# Collected data entries:
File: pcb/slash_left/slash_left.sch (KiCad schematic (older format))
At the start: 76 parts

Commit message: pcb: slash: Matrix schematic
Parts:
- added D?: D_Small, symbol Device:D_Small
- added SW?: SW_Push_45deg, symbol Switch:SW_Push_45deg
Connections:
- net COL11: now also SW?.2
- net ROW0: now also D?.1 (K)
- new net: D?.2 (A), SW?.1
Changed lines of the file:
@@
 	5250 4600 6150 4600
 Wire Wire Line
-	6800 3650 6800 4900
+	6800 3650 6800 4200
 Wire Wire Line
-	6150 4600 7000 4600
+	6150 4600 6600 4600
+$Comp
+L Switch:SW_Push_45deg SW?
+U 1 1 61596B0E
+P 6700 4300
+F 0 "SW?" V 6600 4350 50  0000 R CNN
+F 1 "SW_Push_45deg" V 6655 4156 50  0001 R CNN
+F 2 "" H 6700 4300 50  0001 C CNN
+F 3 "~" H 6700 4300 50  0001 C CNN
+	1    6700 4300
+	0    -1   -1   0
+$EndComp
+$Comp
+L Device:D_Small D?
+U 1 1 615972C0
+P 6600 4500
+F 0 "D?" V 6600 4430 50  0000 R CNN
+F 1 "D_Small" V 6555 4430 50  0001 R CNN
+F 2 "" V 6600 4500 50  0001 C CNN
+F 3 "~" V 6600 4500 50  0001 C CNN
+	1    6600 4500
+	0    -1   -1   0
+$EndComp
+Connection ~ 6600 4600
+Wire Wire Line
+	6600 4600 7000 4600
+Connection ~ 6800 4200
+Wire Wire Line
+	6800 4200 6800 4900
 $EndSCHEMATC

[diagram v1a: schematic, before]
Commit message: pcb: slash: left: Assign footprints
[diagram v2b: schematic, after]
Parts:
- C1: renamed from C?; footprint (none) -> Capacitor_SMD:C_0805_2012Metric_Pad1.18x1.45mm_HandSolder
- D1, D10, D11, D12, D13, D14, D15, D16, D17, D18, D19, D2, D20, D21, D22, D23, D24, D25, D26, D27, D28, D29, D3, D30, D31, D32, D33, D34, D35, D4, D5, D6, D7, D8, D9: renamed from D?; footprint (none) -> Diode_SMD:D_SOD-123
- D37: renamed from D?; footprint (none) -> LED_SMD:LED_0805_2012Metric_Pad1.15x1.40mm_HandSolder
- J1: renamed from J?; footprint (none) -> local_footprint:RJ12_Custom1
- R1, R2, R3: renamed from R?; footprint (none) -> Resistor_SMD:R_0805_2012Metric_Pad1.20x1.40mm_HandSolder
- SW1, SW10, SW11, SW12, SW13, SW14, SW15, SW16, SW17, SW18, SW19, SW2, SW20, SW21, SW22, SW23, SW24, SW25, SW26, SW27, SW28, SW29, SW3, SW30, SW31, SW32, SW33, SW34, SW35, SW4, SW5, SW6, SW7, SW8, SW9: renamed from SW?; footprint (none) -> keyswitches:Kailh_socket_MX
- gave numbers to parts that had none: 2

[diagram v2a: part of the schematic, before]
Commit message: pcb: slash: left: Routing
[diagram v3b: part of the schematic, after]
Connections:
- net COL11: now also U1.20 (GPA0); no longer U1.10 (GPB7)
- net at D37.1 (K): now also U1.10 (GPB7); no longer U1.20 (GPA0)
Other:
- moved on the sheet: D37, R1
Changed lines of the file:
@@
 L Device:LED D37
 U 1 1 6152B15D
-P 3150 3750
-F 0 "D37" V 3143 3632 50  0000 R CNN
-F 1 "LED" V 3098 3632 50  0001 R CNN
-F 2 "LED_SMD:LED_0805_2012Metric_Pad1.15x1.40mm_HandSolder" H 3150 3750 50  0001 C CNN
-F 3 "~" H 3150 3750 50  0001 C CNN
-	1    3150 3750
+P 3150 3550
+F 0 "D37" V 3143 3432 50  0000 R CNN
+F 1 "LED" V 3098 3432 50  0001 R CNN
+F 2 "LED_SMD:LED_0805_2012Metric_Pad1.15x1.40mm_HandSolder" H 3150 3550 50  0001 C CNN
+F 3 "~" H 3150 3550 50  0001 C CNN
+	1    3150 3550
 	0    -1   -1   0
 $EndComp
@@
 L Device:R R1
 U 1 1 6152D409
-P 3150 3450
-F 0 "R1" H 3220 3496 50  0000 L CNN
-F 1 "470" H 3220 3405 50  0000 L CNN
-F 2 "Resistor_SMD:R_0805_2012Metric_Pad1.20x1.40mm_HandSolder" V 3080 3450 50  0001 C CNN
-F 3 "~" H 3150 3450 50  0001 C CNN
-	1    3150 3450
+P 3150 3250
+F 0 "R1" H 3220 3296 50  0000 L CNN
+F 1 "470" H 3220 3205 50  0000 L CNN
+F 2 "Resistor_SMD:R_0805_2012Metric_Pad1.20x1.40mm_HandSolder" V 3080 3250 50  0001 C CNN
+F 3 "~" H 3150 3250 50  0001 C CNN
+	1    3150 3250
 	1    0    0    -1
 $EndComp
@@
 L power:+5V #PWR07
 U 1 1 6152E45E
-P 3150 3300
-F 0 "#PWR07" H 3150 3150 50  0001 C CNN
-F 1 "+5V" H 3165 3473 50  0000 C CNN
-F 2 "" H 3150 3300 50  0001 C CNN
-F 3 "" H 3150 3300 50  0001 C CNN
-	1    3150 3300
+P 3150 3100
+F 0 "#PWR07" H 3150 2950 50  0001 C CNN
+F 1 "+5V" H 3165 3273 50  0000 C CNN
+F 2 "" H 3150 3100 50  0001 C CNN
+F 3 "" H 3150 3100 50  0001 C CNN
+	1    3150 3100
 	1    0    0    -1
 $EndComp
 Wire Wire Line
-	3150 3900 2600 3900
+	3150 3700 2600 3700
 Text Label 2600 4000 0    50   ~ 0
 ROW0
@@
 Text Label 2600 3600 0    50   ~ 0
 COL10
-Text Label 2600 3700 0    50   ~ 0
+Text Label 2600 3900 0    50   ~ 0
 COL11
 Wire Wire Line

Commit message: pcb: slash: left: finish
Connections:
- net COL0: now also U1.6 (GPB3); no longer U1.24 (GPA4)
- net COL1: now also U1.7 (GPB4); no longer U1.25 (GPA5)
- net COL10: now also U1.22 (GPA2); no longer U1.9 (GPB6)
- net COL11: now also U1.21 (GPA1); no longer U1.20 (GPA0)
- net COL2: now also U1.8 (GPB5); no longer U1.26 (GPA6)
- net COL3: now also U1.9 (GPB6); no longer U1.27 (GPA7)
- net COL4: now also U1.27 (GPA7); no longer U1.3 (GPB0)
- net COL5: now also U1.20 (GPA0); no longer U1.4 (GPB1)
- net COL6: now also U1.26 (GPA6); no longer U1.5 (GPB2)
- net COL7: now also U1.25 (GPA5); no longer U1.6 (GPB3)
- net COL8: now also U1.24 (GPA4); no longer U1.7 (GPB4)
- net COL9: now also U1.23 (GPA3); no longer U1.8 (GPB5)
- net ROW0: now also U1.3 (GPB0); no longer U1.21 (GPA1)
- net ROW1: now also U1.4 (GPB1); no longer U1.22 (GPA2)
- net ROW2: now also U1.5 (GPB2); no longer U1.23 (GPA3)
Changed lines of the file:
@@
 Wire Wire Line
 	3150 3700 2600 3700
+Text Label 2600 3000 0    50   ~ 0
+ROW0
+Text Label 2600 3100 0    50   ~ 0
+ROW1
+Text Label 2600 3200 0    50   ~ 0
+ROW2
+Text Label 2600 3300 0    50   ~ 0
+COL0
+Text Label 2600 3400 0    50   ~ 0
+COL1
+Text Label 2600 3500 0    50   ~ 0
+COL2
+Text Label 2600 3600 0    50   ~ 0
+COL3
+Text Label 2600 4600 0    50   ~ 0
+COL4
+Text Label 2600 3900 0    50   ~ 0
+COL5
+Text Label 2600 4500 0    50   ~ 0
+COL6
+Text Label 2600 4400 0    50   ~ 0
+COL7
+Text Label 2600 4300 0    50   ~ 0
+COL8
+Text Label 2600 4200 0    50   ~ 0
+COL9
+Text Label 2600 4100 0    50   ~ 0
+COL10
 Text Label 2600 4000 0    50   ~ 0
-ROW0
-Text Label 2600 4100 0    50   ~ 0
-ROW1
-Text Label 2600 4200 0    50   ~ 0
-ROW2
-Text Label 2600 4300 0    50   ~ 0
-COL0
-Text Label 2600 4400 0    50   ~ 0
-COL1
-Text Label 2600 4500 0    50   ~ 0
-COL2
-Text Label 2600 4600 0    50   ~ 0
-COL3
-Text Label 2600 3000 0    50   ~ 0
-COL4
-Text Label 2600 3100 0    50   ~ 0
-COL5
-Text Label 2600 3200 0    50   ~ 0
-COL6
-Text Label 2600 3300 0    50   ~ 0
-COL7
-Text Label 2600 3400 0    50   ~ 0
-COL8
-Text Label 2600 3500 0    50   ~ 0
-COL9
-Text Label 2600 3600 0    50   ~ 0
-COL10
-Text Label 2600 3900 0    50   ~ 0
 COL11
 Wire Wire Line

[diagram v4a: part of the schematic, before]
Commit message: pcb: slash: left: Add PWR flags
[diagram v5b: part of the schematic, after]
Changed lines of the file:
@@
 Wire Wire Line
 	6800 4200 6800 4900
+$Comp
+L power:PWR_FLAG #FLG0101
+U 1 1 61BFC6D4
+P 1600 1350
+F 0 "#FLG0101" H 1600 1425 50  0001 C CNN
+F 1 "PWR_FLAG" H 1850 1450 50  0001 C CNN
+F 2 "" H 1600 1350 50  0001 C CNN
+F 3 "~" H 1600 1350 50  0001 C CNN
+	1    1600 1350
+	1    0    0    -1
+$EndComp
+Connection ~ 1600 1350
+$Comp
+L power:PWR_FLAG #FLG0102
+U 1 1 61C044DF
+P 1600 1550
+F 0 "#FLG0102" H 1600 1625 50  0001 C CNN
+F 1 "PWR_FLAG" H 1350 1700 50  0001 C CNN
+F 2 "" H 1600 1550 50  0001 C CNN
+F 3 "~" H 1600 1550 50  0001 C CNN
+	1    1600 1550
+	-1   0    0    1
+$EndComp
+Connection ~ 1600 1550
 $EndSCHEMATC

# Task prompt:
Copy the lines of the data above exactly as written, beginning with the line containing "- J1: renamed" and ending with the line containing "-P 3150 3750", and leave out all other lines.

# Expected answer:
- J1: renamed from J?; footprint (none) -> local_footprint:RJ12_Custom1
- R1, R2, R3: renamed from R?; footprint (none) -> Resistor_SMD:R_0805_2012Metric_Pad1.20x1.40mm_HandSolder
- SW1, SW10, SW11, SW12, SW13, SW14, SW15, SW16, SW17, SW18, SW19, SW2, SW20, SW21, SW22, SW23, SW24, SW25, SW26, SW27, SW28, SW29, SW3, SW30, SW31, SW32, SW33, SW34, SW35, SW4, SW5, SW6, SW7, SW8, SW9: renamed from SW?; footprint (none) -> keyswitches:Kailh_socket_MX
- gave numbers to parts that had none: 2

[diagram v2a: part of the schematic, before]
Commit message: pcb: slash: left: Routing
[diagram v3b: part of the schematic, after]
Connections:
- net COL11: now also U1.20 (GPA0); no longer U1.10 (GPB7)
- net at D37.1 (K): now also U1.10 (GPB7); no longer U1.20 (GPA0)
Other:
- moved on the sheet: D37, R1
Changed lines of the file:
@@
 L Device:LED D37
 U 1 1 6152B15D
-P 3150 3750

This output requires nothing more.